In [1]:
from transformers import AutoTokenizer, AutoModelForSequenceClassification, TrainingArguments, Trainer
import torch
import gc
from datasets import load_dataset, DatasetDict, Dataset
import numpy as np
from sklearn.metrics import balanced_accuracy_score, precision_recall_fscore_support, accuracy_score, classification_report, matthews_corrcoef
import pandas as pd
import wandb
import os

  from .autonotebook import tqdm as notebook_tqdm


In [2]:
os.environ["WANDB_PROJECT"] = "DEBATE-ModernBERT-Base"

modname = "MoritzLaurer/ModernBERT-base-zeroshot-v2.0"
training_directory ='training_ModernBase'
device = "cuda" if torch.cuda.is_available() else "cpu"
print(f"Device: {device}")

In [None]:
ds = load_dataset("mlburnham/Pol_NLI")

In [4]:
tokenizer = AutoTokenizer.from_pretrained(modname)
id2label = {0: "entailment", 1: "not_entailment"}
label2id = {"entailment":0, "not_entailment":1}

def tokenize_function(docs):
    return tokenizer(docs['premise'], docs['augmented_hypothesis'], padding = False, truncation = False)
def model_init():
  return AutoModelForSequenceClassification.from_pretrained(modname, 
                                                           num_labels=2,
                                                           ignore_mismatched_sizes=True,
                                                           label2id = label2id, 
                                                           id2label = id2label)

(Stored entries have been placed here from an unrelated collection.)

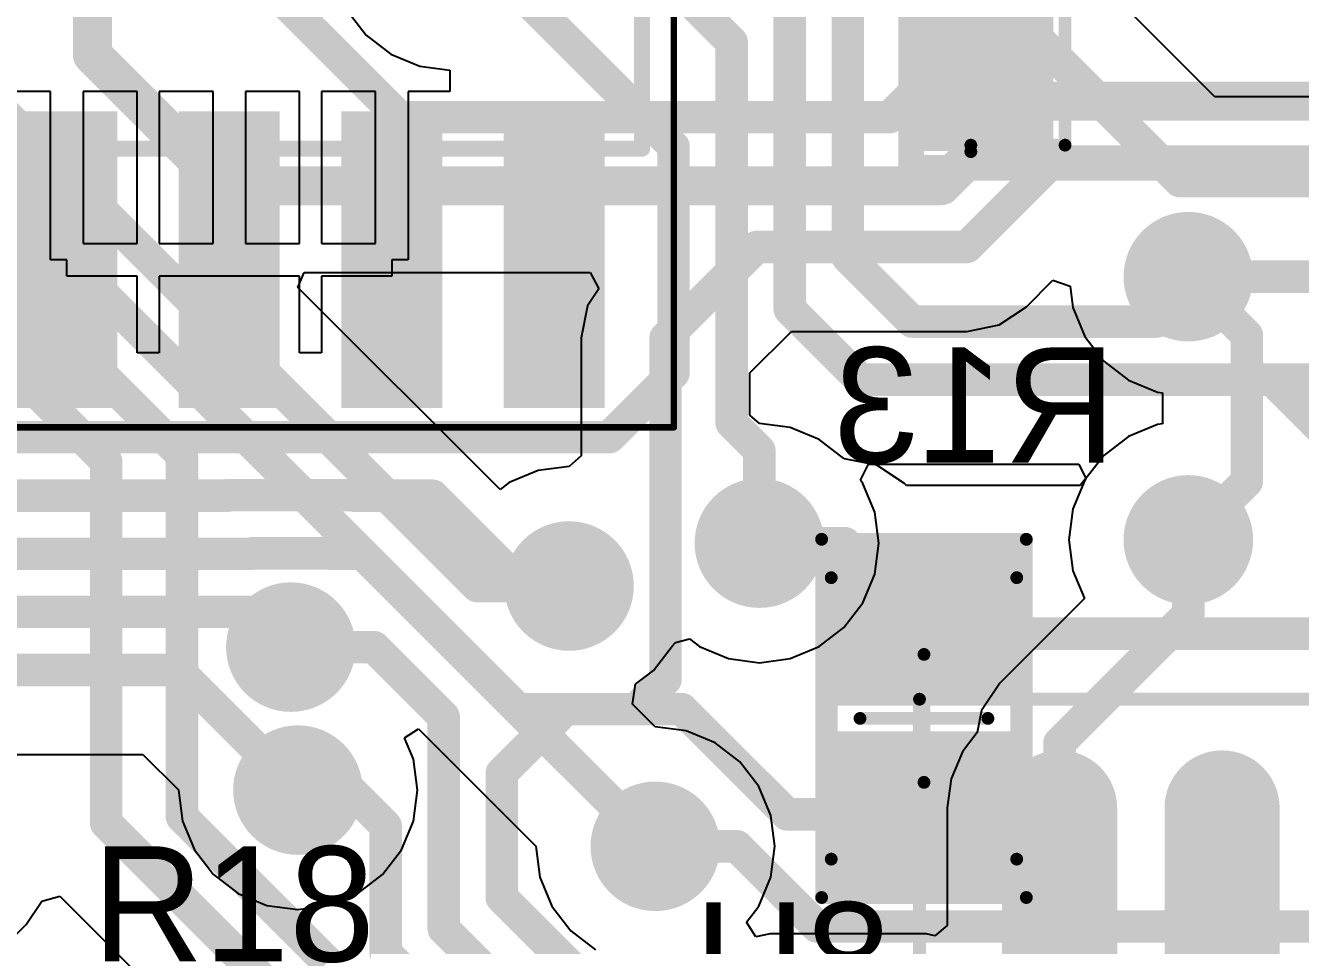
# Model space of a CAD drawing. Header units: millimetres. Extents: x 12 to 126, y 25 to 105.
# Drawn here: x 50.68 to 60.64, y 87.02 to 94.22 of the extents above; entities that cross this region are included whole.
import ezdxf

# ---------------------------------------------------------------- set-up
doc = ezdxf.new("R2010")
doc.units = ezdxf.units.MM
for name, color, linetype in [('BottomLayer', 5, 'Continuous'), ('BottomOverlay', 54, 'Continuous'), ('BottomPaste', 16, 'Continuous'), ('BottomSolder', 6, 'Continuous'), ('Mechanical13', 56, 'Continuous'), ('Mechanical15', 56, 'Continuous'), ('MultiLayer', 9, 'Continuous'), ('TopLayer', 1, 'Continuous'), ('TopOverlay', 2, 'Continuous'), ('TopPaste', 8, 'Continuous'), ('TopSolder', 216, 'Continuous'), ('ViaHoleLayer', 16, 'Continuous')]:
    doc.layers.add(name, color=color, linetype=linetype)

# ---------------------------------------------------------------- blocks, each defined once
blk = doc.blocks.new('SO8_M_24')
at = {"layer": 'Mechanical13', "const_width": 0.1}
for points in [[(-2, -2.5), (-2, 2.5)], [(2, 2.5), (-2, 2.5)], [(2, -2.5), (2, 2.5)], [(2, -2.5), (-2, -2.5)]]:
    blk.add_lwpolyline(points, dxfattribs=at)
at = {"layer": 'Mechanical13'}
for points, const_width in [([(-2.025, 2.5, 1), (-1.975, 2.5, 1)], 0.05), ([(-2.025, 2.5, 1), (-1.975, 2.5, 1)], 0.05), ([(1.975, 2.5, 1), (2.025, 2.5, 1)], 0.05), ([(1.975, 2.5, 1), (2.025, 2.5, 1)], 0.05), ([(-0.6, 1.6, 1), (-1.6, 1.6, 1)], 0.1), ([(-1.625, 1.6, 1), (-1.575, 1.6, 1)], 0.05), ([(-0.625, 1.6, 1), (-0.575, 1.6, 1)], 0.05), ([(-2.025, -2.5, 1), (-1.975, -2.5, 1)], 0.05), ([(-2.025, -2.5, 1), (-1.975, -2.5, 1)], 0.05), ([(1.975, -2.5, 1), (2.025, -2.5, 1)], 0.05), ([(1.975, -2.5, 1), (2.025, -2.5, 1)], 0.05)]:
    blk.add_lwpolyline(points, format="xyb", close=True, dxfattribs=dict(at, const_width=const_width))
at = {"layer": 'Mechanical15', "const_width": 0.1}
for points in [[(-4.2, -3), (-4.2, 3)], [(4.2, 3), (-4.2, 3)], [(4.2, -3), (4.2, 3)], [(0, -0.5), (0, 0.5)], [(0.5, 0), (-0.5, 0)], [(4.2, -3), (-4.2, -3)]]:
    blk.add_lwpolyline(points, dxfattribs=at)
at = {"layer": 'Mechanical15', "const_width": 0.05}
for points in [[(-4.225, 3, 1), (-4.175, 3, 1)], [(-4.225, 3, 1), (-4.175, 3, 1)], [(4.175, 3, 1), (4.225, 3, 1)], [(4.175, 3, 1), (4.225, 3, 1)], [(-0.025, 0.5, 1), (0.025, 0.5, 1)], [(-0.525, 0, 1), (-0.475, 0, 1)], [(0.475, 0, 1), (0.525, 0, 1)], [(-0.025, -0.5, 1), (0.025, -0.5, 1)], [(-4.225, -3, 1), (-4.175, -3, 1)], [(-4.225, -3, 1), (-4.175, -3, 1)], [(4.175, -3, 1), (4.225, -3, 1)], [(4.175, -3, 1), (4.225, -3, 1)]]:
    blk.add_lwpolyline(points, format="xyb", close=True, dxfattribs=at)
at = {"layer": 'TopLayer', "const_width": 0.7}
for points in [[(-3.35, 1.905), (-1.55, 1.905)], [(1.55, 1.905), (3.35, 1.905)], [(-3.35, 0.635), (-1.55, 0.635)], [(1.55, 0.635), (3.35, 0.635)], [(-3.35, -0.635), (-1.55, -0.635)], [(1.55, -0.635), (3.35, -0.635)], [(-3.35, -1.905), (-1.55, -1.905)], [(1.55, -1.905), (3.35, -1.905)]]:
    blk.add_lwpolyline(points, dxfattribs=at)
at = {"layer": 'TopLayer', "const_width": 0.35}
for points in [[(-3.525, 1.905, 1), (-3.175, 1.905, 1)], [(-1.725, 1.905, 1), (-1.375, 1.905, 1)], [(1.375, 1.905, 1), (1.725, 1.905, 1)], [(3.175, 1.905, 1), (3.525, 1.905, 1)], [(-3.525, 0.635, 1), (-3.175, 0.635, 1)], [(-1.725, 0.635, 1), (-1.375, 0.635, 1)], [(1.375, 0.635, 1), (1.725, 0.635, 1)], [(3.175, 0.635, 1), (3.525, 0.635, 1)], [(-3.525, -0.635, 1), (-3.175, -0.635, 1)], [(-1.725, -0.635, 1), (-1.375, -0.635, 1)], [(1.375, -0.635, 1), (1.725, -0.635, 1)], [(3.175, -0.635, 1), (3.525, -0.635, 1)], [(-3.525, -1.905, 1), (-3.175, -1.905, 1)], [(-1.725, -1.905, 1), (-1.375, -1.905, 1)], [(1.375, -1.905, 1), (1.725, -1.905, 1)], [(3.175, -1.905, 1), (3.525, -1.905, 1)]]:
    blk.add_lwpolyline(points, format="xyb", close=True, dxfattribs=at)
at = {"layer": 'TopOverlay'}
for points, const_width in [([(-2.325, 2.805, 1), (-2.575, 2.805, 1)], 0.25), ([(-2.6375, 2.805, 1), (-2.5125, 2.805, 1)], 0.125), ([(-2.3875, 2.805, 1), (-2.2625, 2.805, 1)], 0.125), ([(-0.85, 2.5, 1), (-0.75, 2.5, 1)], 0.1), ([(-0.85, 2.5, 1), (-0.75, 2.5, 1)], 0.1), ([(0.75, 2.5, 1), (0.85, 2.5, 1)], 0.1), ([(0.75, 2.5, 1), (0.85, 2.5, 1)], 0.1), ([(-0.85, -2.5, 1), (-0.75, -2.5, 1)], 0.1), ([(-0.85, -2.5, 1), (-0.75, -2.5, 1)], 0.1), ([(0.75, -2.5, 1), (0.85, -2.5, 1)], 0.1), ([(0.75, -2.5, 1), (0.85, -2.5, 1)], 0.1)]:
    blk.add_lwpolyline(points, format="xyb", close=True, dxfattribs=dict(at, const_width=const_width))
at = {"layer": 'TopOverlay', "const_width": 0.2}
for points in [[(-0.8, -2.5), (-0.8, 2.5)], [(0.8, 2.5), (-0.8, 2.5)], [(0.8, -2.5), (0.8, 2.5)], [(0.8, -2.5), (-0.8, -2.5)]]:
    blk.add_lwpolyline(points, dxfattribs=at)
at = {"layer": 'TopPaste', "const_width": 0.7}
for points in [[(-3.35, 1.905), (-1.55, 1.905)], [(1.55, 1.905), (3.35, 1.905)], [(-3.35, 0.635), (-1.55, 0.635)], [(1.55, 0.635), (3.35, 0.635)], [(-3.35, -0.635), (-1.55, -0.635)], [(1.55, -0.635), (3.35, -0.635)], [(-3.35, -1.905), (-1.55, -1.905)], [(1.55, -1.905), (3.35, -1.905)]]:
    blk.add_lwpolyline(points, dxfattribs=at)
at = {"layer": 'TopPaste', "const_width": 0.35}
for points in [[(-3.525, 1.905, 1), (-3.175, 1.905, 1)], [(-1.725, 1.905, 1), (-1.375, 1.905, 1)], [(1.375, 1.905, 1), (1.725, 1.905, 1)], [(3.175, 1.905, 1), (3.525, 1.905, 1)], [(-3.525, 0.635, 1), (-3.175, 0.635, 1)], [(-1.725, 0.635, 1), (-1.375, 0.635, 1)], [(1.375, 0.635, 1), (1.725, 0.635, 1)], [(3.175, 0.635, 1), (3.525, 0.635, 1)], [(-3.525, -0.635, 1), (-3.175, -0.635, 1)], [(-1.725, -0.635, 1), (-1.375, -0.635, 1)], [(1.375, -0.635, 1), (1.725, -0.635, 1)], [(3.175, -0.635, 1), (3.525, -0.635, 1)], [(-3.525, -1.905, 1), (-3.175, -1.905, 1)], [(-1.725, -1.905, 1), (-1.375, -1.905, 1)], [(1.375, -1.905, 1), (1.725, -1.905, 1)], [(3.175, -1.905, 1), (3.525, -1.905, 1)]]:
    blk.add_lwpolyline(points, format="xyb", close=True, dxfattribs=at)
at = {"layer": 'TopSolder', "const_width": 0.9}
for points in [[(-3.35, 1.905), (-1.55, 1.905)], [(1.55, 1.905), (3.35, 1.905)], [(-3.35, 0.635), (-1.55, 0.635)], [(1.55, 0.635), (3.35, 0.635)], [(-3.35, -0.635), (-1.55, -0.635)], [(1.55, -0.635), (3.35, -0.635)], [(-3.35, -1.905), (-1.55, -1.905)], [(1.55, -1.905), (3.35, -1.905)]]:
    blk.add_lwpolyline(points, dxfattribs=at)
at = {"layer": 'TopSolder', "const_width": 0.45}
for points in [[(-3.575, 1.905, 1), (-3.125, 1.905, 1)], [(-1.775, 1.905, 1), (-1.325, 1.905, 1)], [(1.325, 1.905, 1), (1.775, 1.905, 1)], [(3.125, 1.905, 1), (3.575, 1.905, 1)], [(-3.575, 0.635, 1), (-3.125, 0.635, 1)], [(-1.775, 0.635, 1), (-1.325, 0.635, 1)], [(1.325, 0.635, 1), (1.775, 0.635, 1)], [(3.125, 0.635, 1), (3.575, 0.635, 1)], [(-3.575, -0.635, 1), (-3.125, -0.635, 1)], [(-1.775, -0.635, 1), (-1.325, -0.635, 1)], [(1.325, -0.635, 1), (1.775, -0.635, 1)], [(3.125, -0.635, 1), (3.575, -0.635, 1)], [(-3.575, -1.905, 1), (-3.125, -1.905, 1)], [(-1.775, -1.905, 1), (-1.325, -1.905, 1)], [(1.325, -1.905, 1), (1.775, -1.905, 1)], [(3.125, -1.905, 1), (3.575, -1.905, 1)]]:
    blk.add_lwpolyline(points, format="xyb", close=True, dxfattribs=at)
blk = doc.blocks.new('C0805_B_27')
at = {"layer": 'BottomLayer'}
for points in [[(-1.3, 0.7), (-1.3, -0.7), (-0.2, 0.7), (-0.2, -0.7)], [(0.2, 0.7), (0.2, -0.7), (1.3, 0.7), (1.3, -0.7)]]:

dstok = ds.map(tokenize_function, batched = True)
dstok = dstok.rename_columns({'entailment':'label'})

training_args = TrainingArguments(output_dir=training_directory,
    logging_dir=f'{training_directory}/logs',
    lr_scheduler_type= "linear",
    group_by_length=True,
    learning_rate=2e-5,
    per_device_train_batch_size=16,
    per_device_eval_batch_size=8,
    gradient_accumulation_steps=1,
    num_train_epochs=10,
    warmup_ratio=0.06, 
    weight_decay=0.01,
    fp16=True,
    fp16_full_eval=True,
    eval_strategy="epoch",
    seed=1,
    save_strategy="epoch",
    dataloader_num_workers = 1
)

def compute_metrics_standard(eval_pred, label_text_alphabetical=list(id2label.values())):
    labels = eval_pred.label_ids
    pred_logits = eval_pred.predictions
    preds_max = np.argmax(pred_logits, axis=1)

    precision_macro, recall_macro, f1_macro, _ = precision_recall_fscore_support(labels, preds_max, average='macro')
    precision_micro, recall_micro, f1_micro, _ = precision_recall_fscore_support(labels, preds_max, average='micro')
    acc_balanced = balanced_accuracy_score(labels, preds_max)
    acc_not_balanced = accuracy_score(labels, preds_max)
    mcc = matthews_corrcoef(labels, preds_max)

    metrics = {'MCC': mcc,
            'f1_macro': f1_macro,
            'f1_micro': f1_micro,
            'accuracy_balanced': acc_balanced,
            'accuracy': acc_not_balanced,
            'precision_macro': precision_macro,
            'recall_macro': recall_macro,
            'precision_micro': precision_micro,
            'recall_micro': recall_micro,
            }
    print("Aggregate metrics: ", {key: metrics[key] for key in metrics if key not in ["label_gold_raw", "label_predicted_raw"]} ) 
    print("Detailed metrics: ", classification_report(
        labels, preds_max, labels=np.sort(pd.factorize(label_text_alphabetical, sort=True)[0]),
        target_names=label_text_alphabetical, sample_weight=None,
        digits=2, output_dict=True, zero_division='warn'),
    "\n")

    return metrics

trainer = Trainer(
    model_init=model_init,
    processing_class=tokenizer,
    args=training_args,
    train_dataset=dstok['train'],
    eval_dataset=dstok['validation'],
    compute_metrics=lambda x: compute_metrics_standard(x, label_text_alphabetical=list(id2label.values()))
)

Device: cuda


You are attempting to use Flash Attention 2.0 without specifying a torch dtype. This might lead to unexpected behaviour
You are attempting to use Flash Attention 2.0 with a model not initialized on GPU. Make sure to move the model to GPU after initializing it on CPU with `model.to('cuda')`.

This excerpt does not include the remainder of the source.